Aim of the exercise:
Return every record verbatim, omitting all pictures.

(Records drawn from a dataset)

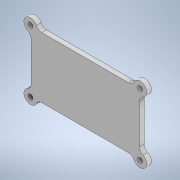
# Autodesk Inventor part: sensor_lid
Saved by Autodesk Inventor 2020 (Build 240168000, 168)
## iProperties
Created: 2020-03-10
Part Number: sensor_lid
Material: Generic
Document SubType Name: Modeling
Designer: Richard
Density: 1 g/cm^3
Appearance: Default
Author: Richard
Autodesk Inventor part; units mm, degrees
ref_plane "YZ Plane" through (0, 0, 0) normal (1, 0, 0) x (0, 1, 0)
sketch "Sketch1" plane through (0, 0, 0) normal (0, 0, 1) x (1, 0, 0)
  line L0 (-172.0273, 68.4234) -> (-119.9573, 68.4234)
  line L1 (-119.9573, 68.4234) -> (-119.9573, 42.0074)
  line L2 (-119.9573, 42.0074) -> (-172.0273, 42.0074)
  line L3 (-172.0273, 42.0074) -> (-172.0273, 68.4234)
  point P0 (0, 0)
  dimension "d0" = 52.07
  dimension "d1" = 26.416
  constraints: 8 end point, 2 parallel, 1 horizontal, 1 perpendicular
  measures "d0" distance of L1.end L2.end
  measures "d1" distance of L0.end L1.end
extrude "Extrusion1" add sketch "Sketch1" along normal blind 2.54
sketch "Sketch2" plane through (0, 0, 2.54) normal (0, 0, 1) x (1, 0, 0)
  line L0 (-119.9573, 68.4234) -> (-172.0273, 68.4234) projected
  line L1 (-119.9573, 68.4234) -> (-172.0273, 68.4234) projected
  line L2 (-172.0273, 68.4234) -> (-172.0273, 42.0074) projected
  line L3 (-172.0273, 42.0074) -> (-119.9573, 42.0074) projected
  line L4 (-119.9573, 42.0074) -> (-119.9573, 68.4234) projected
  line L5 (-116.7823, 38.8324) -> (-175.2023, 38.8324)
  line L6 (-175.2023, 38.8324) -> (-175.2023, 71.5984)
  line L7 (-175.2023, 71.5984) -> (-116.7823, 71.5984)
  line L8 (-116.7823, 71.5984) -> (-116.7823, 38.8324)
  point P0 (0, 0)
  dimension "d18" = 3.175
  dimension "d19" = 3.175
  dimension "d20" = 3.175
  dimension "d21" = 3.175
  dimension "d25" = 32.766
  dimension "d26" = 58.42
  constraints: 8 end point, 2 parallel, 1 horizontal, 1 perpendicular
  measures "d18" distance between parallel lines of L3 L5
  measures "d19" distance between parallel lines of L7 L0
  measures "d20" distance between parallel lines of L4 L8
  measures "d21" distance between parallel lines of L6 L2
  measures "d25" distance between parallel lines of L7 L5
  measures "d26" distance of L5.start L5.end
extrude "Extrusion2" add sketch "Sketch2" along normal blind 2.54 contours L4 L3 L2 L0 | L5 L6 L7 L8
fillet "Fillet1" radius 3.175 4 edges at (-116.7823, 38.8324, 3.81) (-175.2023, 38.8324, 3.81) (-116.7823, 71.5984, 3.81) (-175.2023, 71.5984, 3.81)
sketch "Sketch4" plane through (0, 0, 5.08) normal (0, 0, 1) x (1, 0, 0)
  circle A0 centre (-175.5648, 71.9609) radius 1.3891
  line L0 (-119.9573, 71.5984) -> (-172.0273, 71.5984) projected
  arc A1 (-172.0273, 71.5984) -> (-175.2023, 68.4234) centre (-172.0273, 68.4234) ccw projected
  line L1 (-175.2023, 68.4234) -> (-175.2023, 42.0074) projected
  arc A2 (-172.0273, 71.5984) -> (-175.2023, 68.4234) centre (-175.5648, 71.9609) ccw
  point P0 (0, 0)
  dimension "d12" = 2.7781
  dimension "d23" = 3.556
  constraints: 2 centre point, 2 point on circle, 1 concentric
  measures "d12" diameter of A0
  measures "d23" radius of A2
extrude "Extrusion3" add sketch "Sketch4" against normal up to surface (2.54 mm away)
ref_plane "Work Plane1" through (-145.9923, 42.0074, 2.54) normal (-1, 0, 0) x (0, 0, 1)
ref_plane "Work Plane2" through (-172.0273, 55.2154, 2.54) normal (0, -1, 0) x (1, 0, 0)
mirror "Mirror1" about plane through (-145.9923, 42.0074, 2.54) normal (-1, 0, 0) of "Extrusion3"
mirror "Mirror2" about plane through (-172.0273, 55.2154, 2.54) normal (0, -1, 0) of "Extrusion3", "Mirror1"
fillet "Fillet3" radius 3.175 8 edges at (-175.2023, 42.0074, 3.81) (-175.2023, 68.4234, 3.81) (-119.9573, 38.8324, 3.81) (-172.0273, 71.5984, 3.81) (-119.9573, 71.5984, 3.81) (-116.7823, 68.4234, 3.81) (-116.7823, 42.0074, 3.81) (-172.0273, 38.8324, 3.81)
equation "\"d19\" = d18"
equation "\"d21\" = d20"
body "Solid1"

Response to this exercise:
# Autodesk Inventor part: sensor_lid
Saved by Autodesk Inventor 2020 (Build 240168000, 168)
## iProperties
Created: 2020-03-10
Part Number: sensor_lid
Material: Generic
Document SubType Name: Modeling
Designer: Richard
Density: 1 g/cm^3
Appearance: Default
Author: Richard
Autodesk Inventor part; units mm, degrees
ref_plane "YZ Plane" through (0, 0, 0) normal (1, 0, 0) x (0, 1, 0)
sketch "Sketch1" plane through (0, 0, 0) normal (0, 0, 1) x (1, 0, 0)
  line L0 (-172.0273, 68.4234) -> (-119.9573, 68.4234)
  line L1 (-119.9573, 68.4234) -> (-119.9573, 42.0074)
  line L2 (-119.9573, 42.0074) -> (-172.0273, 42.0074)
  line L3 (-172.0273, 42.0074) -> (-172.0273, 68.4234)
  point P0 (0, 0)
  dimension "d0" = 52.07
  dimension "d1" = 26.416
  constraints: 8 end point, 2 parallel, 1 horizontal, 1 perpendicular
  measures "d0" distance of L1.end L2.end
  measures "d1" distance of L0.end L1.end
extrude "Extrusion1" add sketch "Sketch1" along normal blind 2.54
sketch "Sketch2" plane through (0, 0, 2.54) normal (0, 0, 1) x (1, 0, 0)
  line L0 (-119.9573, 68.4234) -> (-172.0273, 68.4234) projected
  line L1 (-119.9573, 68.4234) -> (-172.0273, 68.4234) projected
  line L2 (-172.0273, 68.4234) -> (-172.0273, 42.0074) projected
  line L3 (-172.0273, 42.0074) -> (-119.9573, 42.0074) projected
  line L4 (-119.9573, 42.0074) -> (-119.9573, 68.4234) projected
  line L5 (-116.7823, 38.8324) -> (-175.2023, 38.8324)
  line L6 (-175.2023, 38.8324) -> (-175.2023, 71.5984)
  line L7 (-175.2023, 71.5984) -> (-116.7823, 71.5984)
  line L8 (-116.7823, 71.5984) -> (-116.7823, 38.8324)
  point P0 (0, 0)
  dimension "d18" = 3.175
  dimension "d19" = 3.175
  dimension "d20" = 3.175
  dimension "d21" = 3.175
  dimension "d25" = 32.766
  dimension "d26" = 58.42
  constraints: 8 end point, 2 parallel, 1 horizontal, 1 perpendicular
  measures "d18" distance between parallel lines of L3 L5
  measures "d19" distance between parallel lines of L7 L0
  measures "d20" distance between parallel lines of L4 L8
  measures "d21" distance between parallel lines of L6 L2
  measures "d25" distance between parallel lines of L7 L5
  measures "d26" distance of L5.start L5.end
extrude "Extrusion2" add sketch "Sketch2" along normal blind 2.54 contours L4 L3 L2 L0 | L5 L6 L7 L8
fillet "Fillet1" radius 3.175 4 edges at (-116.7823, 38.8324, 3.81) (-175.2023, 38.8324, 3.81) (-116.7823, 71.5984, 3.81) (-175.2023, 71.5984, 3.81)
sketch "Sketch4" plane through (0, 0, 5.08) normal (0, 0, 1) x (1, 0, 0)
  circle A0 centre (-175.5648, 71.9609) radius 1.3891
  line L0 (-119.9573, 71.5984) -> (-172.0273, 71.5984) projected
  arc A1 (-172.0273, 71.5984) -> (-175.2023, 68.4234) centre (-172.0273, 68.4234) ccw projected
  line L1 (-175.2023, 68.4234) -> (-175.2023, 42.0074) projected
  arc A2 (-172.0273, 71.5984) -> (-175.2023, 68.4234) centre (-175.5648, 71.9609) ccw
  point P0 (0, 0)
  dimension "d12" = 2.7781
  dimension "d23" = 3.556
  constraints: 2 centre point, 2 point on circle, 1 concentric
  measures "d12" diameter of A0
  measures "d23" radius of A2
extrude "Extrusion3" add sketch "Sketch4" against normal up to surface (2.54 mm away)
ref_plane "Work Plane1" through (-145.9923, 42.0074, 2.54) normal (-1, 0, 0) x (0, 0, 1)
ref_plane "Work Plane2" through (-172.0273, 55.2154, 2.54) normal (0, -1, 0) x (1, 0, 0)
mirror "Mirror1" about plane through (-145.9923, 42.0074, 2.54) normal (-1, 0, 0) of "Extrusion3"
mirror "Mirror2" about plane through (-172.0273, 55.2154, 2.54) normal (0, -1, 0) of "Extrusion3", "Mirror1"
fillet "Fillet3" radius 3.175 8 edges at (-175.2023, 42.0074, 3.81) (-175.2023, 68.4234, 3.81) (-119.9573, 38.8324, 3.81) (-172.0273, 71.5984, 3.81) (-119.9573, 71.5984, 3.81) (-116.7823, 68.4234, 3.81) (-116.7823, 42.0074, 3.81) (-172.0273, 38.8324, 3.81)
equation "\"d19\" = d18"
equation "\"d21\" = d20"
body "Solid1"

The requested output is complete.